| WORK REQUIRED |
Work out how many lines of the listing hold "blocks" and return that number by itself.
┄┄┄┄┄┄┄┄┄┄
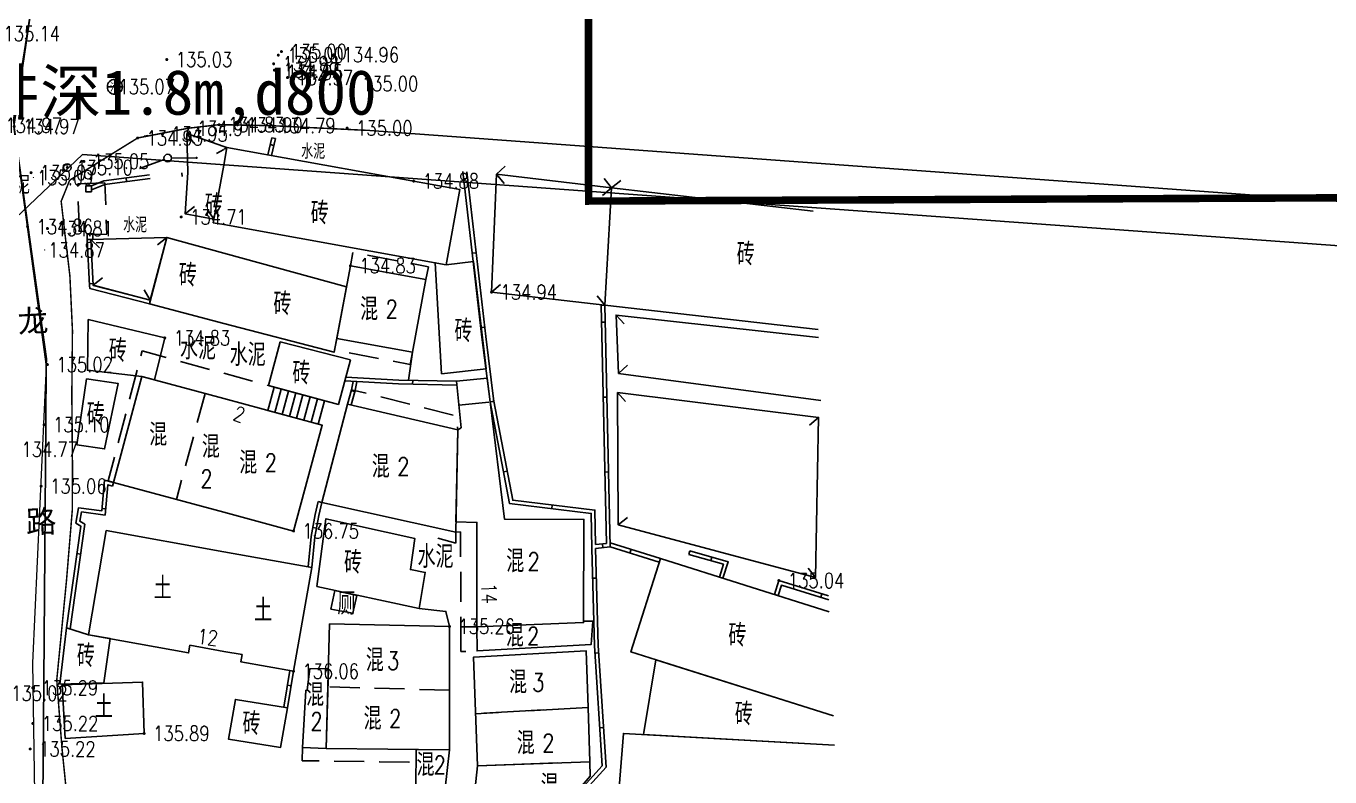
# Model space of a CAD drawing. Extents: x 529262 to 576451, y 2694391 to 2717535.
# Drawn here: x 566101.8 to 566188.9, y 2710071 to 2710121.1 of the extents above; entities that cross this region are included whole.
import ezdxf
from ezdxf.enums import TextEntityAlignment as Align
from ezdxf.xclip import XClip

# ---------------------------------------------------------------- set-up
doc = ezdxf.new("R2010")
doc.units = 0
doc.header["$XCLIPFRAME"] = 0
doc.linetypes.add('X5', pattern=[3, 2, -1])
for name, color, linetype in [('a红线图', 1, 'Continuous'), ('COMPONENT', 8, 'Continuous'), ('DLDW', 8, 'Continuous'), ('DLSS', 4, 'Continuous'), ('GCD', 8, 'Continuous'), ('GXYZ', 8, 'Continuous'), ('JMD', 8, 'Continuous'), ('PP-COM', 7, 'Continuous'), ('RD-中线', 40, 'Continuous'), ('RD-红线', 7, 'Continuous'), ('ZBTZ', 8, 'Continuous'), ('ZJ', 7, 'Continuous'), ('污水管径标注_W10-', 202, 'Continuous')]:
    doc.layers.add(name, color=color, linetype=linetype)
doc.layers.add('现状管道深度（物探资料）', color=2, linetype='Continuous', plot=False)
doc.styles.add('HZ', font='rs.shx', dxfattribs={"width": 0.8, "bigfont": 'hztxt.shx'})
doc.styles.get("Standard").update_dxf_attribs({"font": '', "height": 2.5, "bigfont": 'smfs.shx'})
doc.styles.add('宋体', font='', dxfattribs={"width": 0.75})
doc.styles.add('等线体', font='simhei.ttf')
doc.styles.get('Standard').set_extended_font_data('FangSong_GB2312')
doc.styles.get('宋体').set_extended_font_data('SimSun')
doc.linetypes.add('1161', pattern='A,0,[149,AAA.SHX,S=0.15,R=0,X=0,Y=0],-1.6', length=1.6)

# ---------------------------------------------------------------- blocks, each defined once
blk = doc.blocks.new('A$C19FD0107')
at = {"layer": 'RD-中线', "color": 8, "linetype": 'Continuous', "flags": 128}
for points in [[(-4490.734, 14139.438, 0), (-4490.29, 14139.417)], [(-3818.251, 14086.168, 0), (-3817.74, 14086.169)]]:
    blk.add_lwpolyline(points, format="xyb", dxfattribs=at)
at = {"layer": 'RD-红线', "color": 8}
blk.add_lwpolyline([(-4892.421, 15721.895), (-4903.143, 15711.754, 0.440562)], format="xyb", dxfattribs=at)
at = {"layer": 'RD-红线', "color": 8, "linetype": 'Continuous', "flags": 128}
blk.add_lwpolyline([(-4892.421, 15721.895), (-4681.317, 15706.582, -0.022144), (-4612.556, 15698.522), (-4612.406, 15698.497)], format="xyb", dxfattribs=at)
blk = doc.blocks.new('GC200')
at = {"linetype": 'Continuous', "const_width": 0.2, "flags": 128}
blk.add_lwpolyline([(-0.1, 0, 1), (0.1, 0, 1)], format="xyb", close=True, dxfattribs=at)
blk = doc.blocks.new('gc013c')
at = {"linetype": 'Continuous'}
blk.add_line((0.5, 0), (4, 0), dxfattribs=at)
at = {"linetype": 'Continuous', "const_width": 0.15, "flags": 128}
blk.add_lwpolyline([(3.775, 0, 1), (3.925, 0, 1)], format="xyb", close=True, dxfattribs=at)
blk = doc.blocks.new('gc170')
at = {"color": 8, "linetype": 'Continuous'}
blk.add_circle((0, 0), 0.5, dxfattribs=at)
blk = doc.blocks.new('gcbj0102')
for p, q in [((-1, 0), (1, 0)), ((0, -1), (0, 1))]:
    blk.add_line(p, q)
blk.add_circle((0, 0), 1)

msp = doc.modelspace()

# ---------------------------------------------------------------- linework, layer by layer
at = {"const_width": 0.5}
msp.add_lwpolyline([(566139.325, 2710172.956), (565986.518, 2710172.842), (565986.681, 2709601.261), (566518.586, 2709601.552), (566518.485, 2709673.527), (566764.333, 2709673.513), (566764.12, 2710112.127), (566139.363, 2710109.398), (566139.316, 2710172.956)], dxfattribs=at)
at = {"layer": 'a红线图', "color": 8, "linetype": 'Continuous', "lineweight": 0, "flags": 128}
msp.add_lwpolyline([(566002.192, 2710136.326), (566109.082, 2710133.706), (566102.533, 2710124.92), (566100.925, 2710114.792), (566103.162, 2710098.867), (566102.215, 2710078.564), (566102.717, 2710046.58), (566103.542, 2710024.38), (566098.749, 2709996.517), (566091.062, 2709979.95), (566088.689, 2709969.605), (566093.614, 2709951.357), (566100.107, 2709923.223), (566100.107, 2709923.223), (566100.107, 2709923.223), (566095.932, 2709922.206), (566095.932, 2709922.206), (566081.847, 2709912.554), (566085.668, 2709714.381)], dxfattribs=at)
msp.add_lwpolyline([(566002.192, 2710136.326), (566109.082, 2710133.706), (566102.533, 2710124.92), (566100.925, 2710114.792), (566103.162, 2710098.867), (566102.215, 2710078.564), (566102.717, 2710046.58), (566103.542, 2710024.38), (566098.749, 2709996.517), (566091.062, 2709979.95), (566088.689, 2709969.605), (566093.614, 2709951.357), (566100.107, 2709923.223), (566100.107, 2709923.223), (566100.107, 2709923.223), (566095.932, 2709922.206), (566095.932, 2709922.206), (566081.847, 2709912.554), (566085.668, 2709714.381)], dxfattribs=at)
at = {"layer": 'DLDW', "linetype": 'Continuous', "elevation": 136.334, "flags": 128}
msp.add_lwpolyline([(566122.145, 2710082.148), (566122.423, 2710083.399), (566123.891, 2710083.073), (566123.613, 2710081.887)], close=True, dxfattribs=at)
at = {"layer": 'DLSS', "linetype": 'Continuous', "const_width": 0.1, "flags": 128}
for points in [[(566124.449, 2710114.125), (566118.103, 2710114.436), (566114.691, 2710114.501), (566112.617, 2710114.261), (566109.247, 2710113.611), (566104.709, 2710110.798)], [(566102.036, 2710002.568), (566103.995, 2710014.202), (566104.973, 2710021.961), (566105.531, 2710027.979), (566105.602, 2710031.912), (566105.29, 2710037.109), (566104.947, 2710040.762), (566104.451, 2710047.23), (566104.623, 2710054.902), (566104.672, 2710057.841), (566104.698, 2710062.183), (566104.771, 2710065.276), (566104.609, 2710068.646), (566104.417, 2710070.678), (566104.191, 2710072.898), (566103.845, 2710077.42), (566104.494, 2710084.06), (566104.888, 2710088.832), (566104.892, 2710091.957), (566104.851, 2710096.458), (566104.893, 2710100.764), (566104.722, 2710104.392), (566104.139, 2710109.383), (566104.709, 2710110.798)]]:
    msp.add_lwpolyline(points, dxfattribs=at)
at = {"layer": 'JMD', "linetype": 'Continuous'}
for p, q in [((566109.683, 2710113.732), (566109.931, 2710113.767)), ((566112.535, 2710113.91), (566113.005, 2710113.263)), ((566114.998, 2710112.846), (566114.519, 2710112.568)), ((566115.211, 2710112.97), (566115.016, 2710112.864)), ((566118.099, 2710113.172), (566118.342, 2710113.115)), ((566118.207, 2710113.628), (566118.45, 2710113.57)), ((566117.937, 2710112.489), (566118.18, 2710112.431)), ((566112.215, 2710111.037), (566112.199, 2710111.286)), ((566133.207, 2710111.186), (566133.8, 2710111.722)), ((566133.207, 2710111.186), (566133.726, 2710110.577)), ((566108.471, 2710110.954), (566108.506, 2710110.706)), ((566131.031, 2710110.891), (566131.279, 2710110.92)), ((566140.899, 2710110.275), (566140.286, 2710109.761)), ((566140.899, 2710110.275), (566140.403, 2710110.903)), ((566140.899, 2710110.275), (566141.526, 2710110.772)), ((566112.421, 2710108.544), (566113.051, 2710109.037)), ((566114.342, 2710108.197), (566113.887, 2710108.854)), ((566106.121, 2710106.83), (566106.708, 2710106.287)), ((566111.192, 2710106.975), (566110.566, 2710106.477)), ((566131.601, 2710105.924), (566131.849, 2710105.952)), ((566106.272, 2710103.781), (566106.893, 2710104.285)), ((566106.016, 2710103.881), (566106.266, 2710103.893)), ((566110.094, 2710102.774), (566109.691, 2710103.465)), ((566132.884, 2710103.32), (566133.491, 2710103.84)), ((566110.031, 2710102.532), (566110.094, 2710102.774)), ((566140.45, 2710102.455), (566139.934, 2710103.067)), ((566140.45, 2710102.455), (566140.2, 2710102.449)), ((566141.198, 2710101.789), (566141.744, 2710101.205)), ((566132.171, 2710100.956), (566132.42, 2710100.985)), ((566140.475, 2710101.314), (566140.225, 2710101.309)), ((566141.364, 2710097.895), (566141.954, 2710098.435)), ((566127.619, 2710097.429), (566127.614, 2710097.179)), ((566118.357, 2710096.98), (566117.934, 2710095.417)), ((566122.002, 2710095.994), (566118.357, 2710096.98)), ((566118.839, 2710096.849), (566118.416, 2710095.287)), ((566119.322, 2710096.719), (566118.899, 2710095.156)), ((566119.805, 2710096.588), (566119.382, 2710095.026)), ((566120.287, 2710096.458), (566119.864, 2710094.895)), ((566120.77, 2710096.327), (566120.347, 2710094.764)), ((566123.513, 2710096.752), (566123.754, 2710096.686)), ((566140.588, 2710096.315), (566140.338, 2710096.31)), ((566141.3, 2710096.616), (566141.831, 2710096.018)), ((566117.934, 2710095.417), (566121.579, 2710094.431)), ((566121.253, 2710096.196), (566120.83, 2710094.634)), ((566121.735, 2710096.066), (566121.312, 2710094.503)), ((566132.791, 2710095.995), (566133.036, 2710096.042)), ((566132.791, 2710095.995), (566133.039, 2710096.026)), ((566154.726, 2710094.957), (566154.121, 2710094.433)), ((566133.68, 2710091.329), (566133.925, 2710091.375)), ((566140.701, 2710091.317), (566140.451, 2710091.311)), ((566107.636, 2710090.615), (566107.571, 2710090.373)), ((566121.551, 2710089.273), (566121.308, 2710089.332)), ((566106.864, 2710088.871, 135.966), (566107.113, 2710088.847, 135.966)), ((566136.898, 2710088.863), (566136.927, 2710089.111)), ((566121.186, 2710087.551), (566120.94, 2710087.596)), ((566141.339, 2710087.786), (566141.972, 2710088.274)), ((566105.187, 2710085.861, 135.966), (566105.434, 2710085.827, 135.966)), ((566140.317, 2710086.266, 136.328), (566140.294, 2710086.523, 136.328)), ((566142.122, 2710085.909), (566142.203, 2710086.148)), ((566146.121, 2710086.045), (566146.053, 2710085.804)), ((566147.592, 2710085.63), (566147.525, 2710085.389)), ((566139.627, 2710084.217, 136.948), (566139.877, 2710084.224, 136.948)), ((566148.338, 2710084.218), (566148.1, 2710084.293)), ((566154.515, 2710084.257), (566154.034, 2710084.896)), ((566151.778, 2710083.131), (566152.017, 2710083.056)), ((566154.951, 2710083.179), (566154.877, 2710082.94)), ((566139.789, 2710079.22, 136.948), (566140.038, 2710079.236, 136.948)), ((566119.499, 2710077.035), (566119.252, 2710077.075)), ((566140.113, 2710074.231, 136.948), (566140.363, 2710074.247, 136.948))]:
    msp.add_line(p, q, dxfattribs=at)
at = {"layer": 'JMD', "linetype": 'Continuous', "flags": 128}
for points, elevation in [([(566114.998, 2710113.045), (566112.535, 2710113.91), (566112.595, 2710111.312), (566112.421, 2710108.544), (566114.342, 2710108.197), (566114.998, 2710111.799)], 135.449), ([(566114.998, 2710111.799), (566115.211, 2710112.97), (566114.998, 2710113.045)], 135.449), ([(566114.998, 2710111.799), (566115.211, 2710112.97), (566130.76, 2710110.181), (566129.85, 2710105.146), (566114.998, 2710107.825)], 135.407), ([(566114.998, 2710107.825), (566114.298, 2710107.951), (566114.998, 2710111.799)], 135.407), ([(566114.998, 2710105.927), (566111.192, 2710106.975), (566110.031, 2710102.532), (566114.998, 2710101.235)], 134.693), ([(566114.998, 2710101.235), (566122.369, 2710099.31), (566123.189, 2710103.67), (566114.998, 2710105.927)], 134.693), ([(566154.875, 2710096.091), (566141.364, 2710097.895), (566141.198, 2710101.789), (566154.707, 2710100.297)], 135.834), ([(566114.998, 2710088.629), (566107.636, 2710090.615), (566109.535, 2710097.69), (566114.998, 2710096.212)], 134.719), ([(566114.998, 2710096.212), (566121.579, 2710094.431), (566119.66, 2710087.372), (566114.998, 2710088.629)], 134.719), ([(566107.636, 2710090.615), (566107.041, 2710090.774), (566106.85, 2710088.715), (566105.297, 2710088.921), (566105.113, 2710087.902), (566105.443, 2710087.696), (566104.496, 2710080.909)], 135.966), ([(566107.571, 2710090.373), (566107.262, 2710090.456), (566107.075, 2710088.433), (566105.5, 2710088.642), (566105.389, 2710088.024), (566105.713, 2710087.822), (566104.737, 2710080.832)], 135.966), ([(566135.431, 2710060.83), (566136.3, 2710067.316), (566140.278, 2710071.699), (566139.757, 2710079.71), (566139.57, 2710086.207)], 136.948), ([(566135.678, 2710060.797), (566136.538, 2710067.205), (566140.535, 2710071.61), (566140.006, 2710079.722), (566139.82, 2710086.214)], 136.948), ([(566139.816, 2710086.48), (566140.558, 2710086.546)], 136.328), ([(566139.82, 2710086.214), (566140.814, 2710086.318)], 136.328), ([(566155.796, 2710073.069), (566143.038, 2710073.778), (566143.851, 2710078.777), (566155.718, 2710075.031)], 134.539), ([(566155.796, 2710073.069), (566141.687, 2710073.853), (566140.815, 2710062.766), (566156.252, 2710061.683)], 134.561), ([(566137.296, 2710071.885), (566131.942, 2710071.704), (566131.822, 2710070.649), (566131.771, 2710070.092), (566131.549, 2710069.365), (566130.775, 2710067.037), (566136.113, 2710066.037), (566136.3, 2710067.316), (566137.24, 2710068.409)], 134.852)]:
    msp.add_lwpolyline(points, dxfattribs=dict(at, elevation=elevation))
for points in [[(566118.207, 2710113.628), (566117.937, 2710112.489)], [(566118.45, 2710113.57), (566118.18, 2710112.431)], [(566106.165, 2710110.418), (566106.999, 2710110.741), (566108.507, 2710110.959), (566110.047, 2710111.147)], [(566132.791, 2710095.995), (566132.244, 2710100.324), (566130.975, 2710111.381)], [(566133.039, 2710096.026), (566132.492, 2710100.354), (566131.229, 2710111.359)], [(566106.168, 2710110.151), (566107.063, 2710110.498), (566108.54, 2710110.711), (566110.077, 2710110.899)], [(566154.369, 2710108.735), (566140.899, 2710110.275), (566140.45, 2710102.455), (566154.685, 2710100.827)], [(566105.871, 2710106.826), (566106.023, 2710103.755), (566106.053, 2710103.571), (566110.031, 2710102.532)], [(566106.121, 2710106.83), (566106.272, 2710103.781), (566106.273, 2710103.772), (566110.094, 2710102.774)], [(566140.558, 2710086.546), (566140.2, 2710102.449)], [(566140.814, 2710086.318), (566140.45, 2710102.455)], [(566130.568, 2710097.114), (566126.675, 2710097.199), (566123.088, 2710097.392)], [(566130.543, 2710097.365), (566126.685, 2710097.449), (566123.155, 2710097.639)], [(566123.266, 2710095.851), (566123.528, 2710096.807), (566123.64, 2710097.362)], [(566123.509, 2710095.794), (566123.771, 2710096.749), (566123.892, 2710097.349)], [(566139.57, 2710086.207), (566139.539, 2710088.547), (566134.086, 2710089.199), (566132.791, 2710095.995)], [(566139.816, 2710086.48), (566139.786, 2710088.769), (566134.297, 2710089.426), (566133.036, 2710096.042)], [(566120.627, 2710084.975), (566120.836, 2710087.016), (566121.097, 2710088.464), (566121.308, 2710089.332)], [(566120.874, 2710084.93), (566121.083, 2710086.981), (566121.342, 2710088.412), (566121.551, 2710089.273)], [(566114.998, 2710085.989), (566107.147, 2710087.405), (566105.972, 2710080.439), (566112.645, 2710079.23), (566112.735, 2710079.74), (566114.998, 2710079.338)], [(566114.998, 2710079.338), (566116.226, 2710079.12), (566116.14, 2710078.634), (566119.657, 2710078.008), (566120.874, 2710084.93), (566114.998, 2710085.989)], [(566140.808, 2710086.584), (566144.16, 2710085.537)], [(566140.814, 2710086.318), (566144.084, 2710085.297)], [(566146.121, 2710086.045), (566148.687, 2710085.321), (566148.338, 2710084.218)], [(566155.44, 2710081.975), (566144.16, 2710085.537), (566142.191, 2710079.302), (566155.718, 2710075.031)], [(566146.053, 2710085.804), (566148.371, 2710085.15), (566148.1, 2710084.293)], [(566155.397, 2710083.041), (566152.073, 2710084.064), (566151.778, 2710083.131)], [(566155.408, 2710082.777), (566152.236, 2710083.752), (566152.017, 2710083.056)], [(566119.016, 2710075.615), (566119.41, 2710078.048)], [(566119.263, 2710075.575), (566119.657, 2710078.008)]]:
    msp.add_lwpolyline(points, dxfattribs=at)
for points, elevation in [([(566133.207, 2710111.186), (566132.884, 2710103.32), (566140.45, 2710102.455), (566140.899, 2710110.275)], 133.809), ([(566106.17, 2710110.025), (566106.165, 2710110.418), (566105.781, 2710110.413), (566105.786, 2710110.02)], 134.372), ([(566106.255, 2710106.831), (566106.25, 2710107.224), (566105.866, 2710107.219), (566105.871, 2710106.826)], 134.73), ([(566122.541, 2710100.228), (566127.608, 2710099.314), (566128.502, 2710104.163), (566123.455, 2710105.082)], 135.003), ([(566129.53, 2710097.873), (566132.512, 2710098.199), (566131.666, 2710105.354), (566129.85, 2710105.146), (566129.121, 2710105.277), (566129.53, 2710097.873)], 134.908), ([(566105.953, 2710101.499), (566111.057, 2710100.262), (566110.377, 2710097.462), (566109.535, 2710097.69), (566105.896, 2710098.108)], 134.74), ([(566123.469, 2710098.789), (566118.769, 2710099.992), (566117.976, 2710097.085), (566122.661, 2710095.826)], 134.865), ([(566105.829, 2710097.523), (566105.193, 2710093.119), (566107.043, 2710092.852), (566107.947, 2710097.217)], 134.797), ([(566130.543, 2710097.365), (566130.86, 2710094.261), (566130.622, 2710094.125), (566130.501, 2710087.974), (566131.906, 2710087.946), (566131.907, 2710080.985), (566139.028, 2710081.258), (566139.047, 2710088.143), (566133.747, 2710088.173), (566132.791, 2710095.995), (566132.595, 2710097.573)], 138.329), ([(566141.3, 2710096.616), (566154.726, 2710094.957), (566154.515, 2710084.257), (566141.339, 2710087.786)], 135.406), ([(566123.266, 2710095.851), (566130.622, 2710094.125), (566130.488, 2710087.3), (566121.551, 2710089.273)], 138.116), ([(566121.204, 2710083.67), (566121.817, 2710088.193), (566127.75, 2710086.875), (566127.469, 2710084.801), (566128.454, 2710084.602), (566128.057, 2710082.203)], 135.488), ([(566104.496, 2710080.909), (566105.972, 2710080.439), (566107.407, 2710080.201), (566106.982, 2710077.237), (566104.056, 2710077.149)], 135.775), ([(566122.067, 2710081.172), (566121.844, 2710072.845), (566130.076, 2710072.763), (566130.072, 2710080.999)], 135.484), ([(566131.907, 2710080.985), (566131.912, 2710079.367), (566139.531, 2710079.792), (566139.639, 2710081.358), (566139.028, 2710081.36), (566139.028, 2710081.258)], 135.322), ([(566139.455, 2710071.959), (566131.942, 2710071.704), (566131.679, 2710078.958), (566139.195, 2710079.38), (566139.332, 2710075.596)], 138.23), ([(566120.742, 2710078.2), (566121.986, 2710078.167), (566121.844, 2710072.845), (566120.249, 2710072.909), (566120.472, 2710076.727), (566120.56, 2710076.743)], 136.256), ([(566104.209, 2710077.092), (566109.572, 2710077.291), (566109.681, 2710073.854), (566104.409, 2710073.529)], 135.296), ([(566119.263, 2710075.575), (566115.773, 2710076.131), (566115.306, 2710073.482), (566118.796, 2710072.926)], 135.7), ([(566127.818, 2710070.283), (566129.792, 2710070.193), (566130.076, 2710072.763), (566127.843, 2710072.785)], 134.94), ([(566127.818, 2710070.283), (566129.792, 2710070.193), (566130.076, 2710072.763), (566127.843, 2710072.785)], 134.94), ([(566131.942, 2710071.704), (566131.822, 2710070.649), (566131.771, 2710070.092), (566131.549, 2710069.365), (566130.775, 2710067.037), (566136.113, 2710066.037), (566136.3, 2710067.316), (566139.467, 2710070.999), (566139.455, 2710071.959)], 134.852)]:
    msp.add_lwpolyline(points, close=True, dxfattribs=dict(at, elevation=elevation))
at = {"layer": 'JMD', "linetype": 'X5', "flags": 128}
msp.add_lwpolyline([(566107.062, 2710110.625), (566105.242, 2710110.539), (566105.368, 2710107.131), (566107.182, 2710107.198)], close=True, dxfattribs=at)
at = {"layer": 'JMD', "linetype": 'Continuous', "flags": 128}
msp.add_lwpolyline([(566106.272, 2710103.781), (566110.094, 2710102.774), (566111.192, 2710106.975), (566106.121, 2710106.83)], close=True, dxfattribs=at)
at = {"layer": 'JMD', "linetype": 'X5', "flags": 128}
for points, elevation in [([(566128.502, 2710104.163), (566128.668, 2710105.012), (566123.62, 2710105.962), (566123.455, 2710105.082)], 134.919), ([(566127.608, 2710099.314), (566127.456, 2710098.49), (566122.393, 2710099.442), (566122.541, 2710100.228)], 134.87), ([(566107.636, 2710090.615), (566107.288, 2710090.715), (566109.55, 2710099.399), (566114.998, 2710097.903)], 136.245), ([(566114.998, 2710097.903), (566118.357, 2710096.98)], 136.245), ([(566113.749, 2710096.55), (566111.842, 2710089.481)], 135.267), ([(566123.266, 2710095.851), (566123.528, 2710096.807), (566130.61, 2710095.045), (566130.622, 2710094.125)], 136.24), ([(566130.706, 2710095.768), (566132.791, 2710095.995)], 138.329), ([(566130.488, 2710087.3), (566130.503, 2710086.56), (566129.071, 2710086.941), (566129.036, 2710087.62)], 135.396), ([(566130.488, 2710087.3), (566130.816, 2710087.318), (566130.83, 2710080.983), (566131.907, 2710080.985)], 135.396), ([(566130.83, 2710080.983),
┄┄┄┄┄┄┄┄┄┄
| TASK RESPONSE |
6